Well, if we are willing to change the termination on our headphones from the three-segment phone plug to either two mono phone plugs or a single four-connector XLR plug, then it little matters that we have two outputs, as the each headphone driver has no idea what it is hooked up to and it can safely float at 1.3Vdc, as it sees a net DC voltage differential of 0V. In other words, since the DC offset is the same for both positive and negative outputs, the DC delta is zero volts. Nor does touching 1.3Vdc present any danger to the listener (excepting, of course, American trial lawyers, whose delicate fingers could suffer millions of dollars of trauma).
Note and marvel at the sneakiness of this SRCFPP, as the cathode resistor does double duty of biasing the bottom triode and acting as the sense resistor that creates the anti-phase current swings between top and bottom triodes. The next step is to figure out the formula for the optimal cathode resistor, Rk, value. Since both the White cathode follower and the SRPP share the same formula for the optimal sense resistor,
Rs = (rp + 2Rload) / mu
We should see if it works in the SRCFPP.
Indeed, it does work, which makes sense as all three circuits function in fundamentally similar way: AC current flows through an external load resistance and a sense resistor, which creates an anti-phase signal to drive the other triode in a balanced push-pull fashion; and since both triodes share in driving the external load, the load's impedance is effectively half as burdensome, so it is effectively twice is nominal value. Thus, the triode's mu and rp and the load resistance must be included in the formula.
The next question is What is the output impedance of the SRCFPP? If we pull back and look at the topology, we see that it is quite similar to the split-load phase splitter, except that the plate resistor has been replaced by a triode.

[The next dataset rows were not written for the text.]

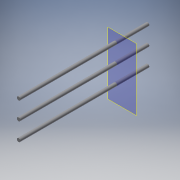
# Autodesk Inventor part: Rails
Saved by Autodesk Inventor 2016 (Build 200138000, 138)
## iProperties
Created: 2016-04-17
Part Number: Rails
Material: Generic
Document SubType Name: Modeling
Designer: Scott
Density: 1 g/cm^3
Appearance: Default
Author: Scott
Autodesk Inventor part; units mm, degrees
ref_plane "YZ Plane" through (0, 0, 0) normal (1, 0, 0) x (0, 1, 0)
ref_plane "XZ Plane" through (0, 0, 0) normal (0, 1, 0) x (-1, 0, 0)
ref_plane "XY Plane" through (0, 0, 0) normal (0, 0, 1) x (1, 0, 0)
ref_plane "Work Plane1" through (-2.9808, 6.4412, -99.06) normal (0, 0, -1) x (-1, 0, 0)
sketch "Sketch1" plane through (-2.9808, 6.4412, -99.06) normal (0, 0, -1) x (-1, 0, 0)
  line L0 (-33.4608, 12.473) -> (-25.4659, 12.473) projected
  line L1 (-25.4659, 12.473) -> (-25.4659, 7.473) projected
  line L2 (-25.4659, 7.473) -> (-20.4659, 12.473) projected
  line L3 (-20.4659, 12.473) -> (-11.4709, 12.473) projected
  line L4 (-11.4709, 12.473) -> (-11.4709, 4.473) projected
  line L5 (-17.4709, 4.473) -> (-11.4709, 4.473) projected
  line L6 (-17.4709, -1.527) -> (-17.4709, 4.473) projected
  line L7 (-11.4709, -1.527) -> (-17.4709, -1.527) projected
  line L8 (-11.4709, -1.527) -> (-11.4709, -9.527) projected
  line L9 (-11.4709, -9.527) -> (-20.4659, -9.527) projected
  line L10 (-20.4659, -9.527) -> (-25.4659, -4.527) projected
  line L11 (-25.4659, -4.527) -> (-25.4659, -9.527) projected
  line L12 (-25.4659, -9.527) -> (-33.4608, -9.527) projected
  line L13 (-33.4608, -9.527) -> (-33.4608, -37.1779) projected
  line L14 (-33.4608, -37.1779) -> (27.4992, -72.3732) projected
  line L15 (27.4992, -72.3732) -> (27.4992, 59.4908) projected
  line L16 (27.4992, 59.4908) -> (-33.4608, 59.4908) projected
  line L17 (-33.4608, 59.4908) -> (-33.4608, 12.473) projected
  circle A0 centre (13.0324, -40.4049) radius 8 projected
  circle A1 centre (13.0324, 43.3508) radius 8 projected
  circle A2 centre (13.0324, 1.473) radius 11.5 projected
  circle A3 centre (13.0324, 43.3508) radius 4
  circle A4 centre (13.0324, 1.473) radius 4
  circle A5 centre (13.0324, -40.4049) radius 4
  line L18 (-25.4659, 12.473) -> (-20.4659, 12.473)
  line L19 (-12.9659, -8.527) -> (-32.9659, -8.527)
  line L20 (-32.9659, -8.527) -> (-32.9659, 11.473)
  line L21 (-32.9659, 11.473) -> (-12.9659, 11.473)
  line L22 (-12.9659, 11.473) -> (-12.9659, -8.527)
  line L23 (-12.9659, -8.527) -> (-32.9659, 11.473) construction
  line L24 (-32.9659, -8.527) -> (-12.9659, 11.473) construction
  point P0 (-2.9808, -6.4412)
  point P1 (-22.9659, 1.473)
  dimension "d0" = 8
  dimension "d1" = 8
  dimension "d2" = 8
  dimension "d7" = 20
  dimension "d8" = 20
  constraints: 14 end point, 3 centre point, 3 coincident, 2 horizontal, 2 midpoint, 2 parallel, 1 perpendicular
  measures "d0" diameter of A3
  measures "d1" diameter of A4
  measures "d2" diameter of A5
  measures "d7" distance of L20.end L21.end
  measures "d8" distance of L19.end L20.end
extrude "Extrusion1" add sketch "Sketch1" along normal blind 75 and the other way blind 225 contours L21 L2 L1 | L1 L2 L21 L22 L5 L6 L7 L19 L10 L11 L20 | L11 L10 L19 | L22 L7 L6 L5 | A3 | A4 | A5
body "Solid1"

If the top triode’s grid terminated into its cathode, the top triode would present an impedance equal to its plate resistance. But as the triode’s grid is effectively grounded, the output impedance at is cathode is vastly lower, being equal to rp/(mu + 1). Thus, the formula for the output impedance of the SRCFPP is
Zo = 2rp/(mu + 2) || (rp/(mu + 1) + Rk)
I plugged the values for the SPICE model of the 6DJ8/69922 into the formula and got 92 ohms as the answer. I then ran some SPICE simulations on the SRCFPP and got the following results.
Since I couldn’t add a resistor, I wondered if I could use the bottom output triode’s cathode resistor as the sense resistor. I was taking a shower, drawing schematics on the frosted glass, as I have done for decades, when I instantly imagined the following circuit. (It's amazing how a half of my brain groks a new circuit in its entirety, while the other half lags behind, trying to catch up.)
Audio Aikido is a family of many electronic techniques that all share the same characteristic: the power-supply noise is used against itself, rather than relying on brute force techniques, such as using huge, massive inductors and Foster-beer-sized capacitors or complex high voltage regulators to purge power-supply noise at its source—or relying on tons of negative feedback within the amplifier to reduce the power-supply noise after the fact, i.e. once the noise has already leaked into its output. Could I perform an Aikido transformation upon the SRCFPP?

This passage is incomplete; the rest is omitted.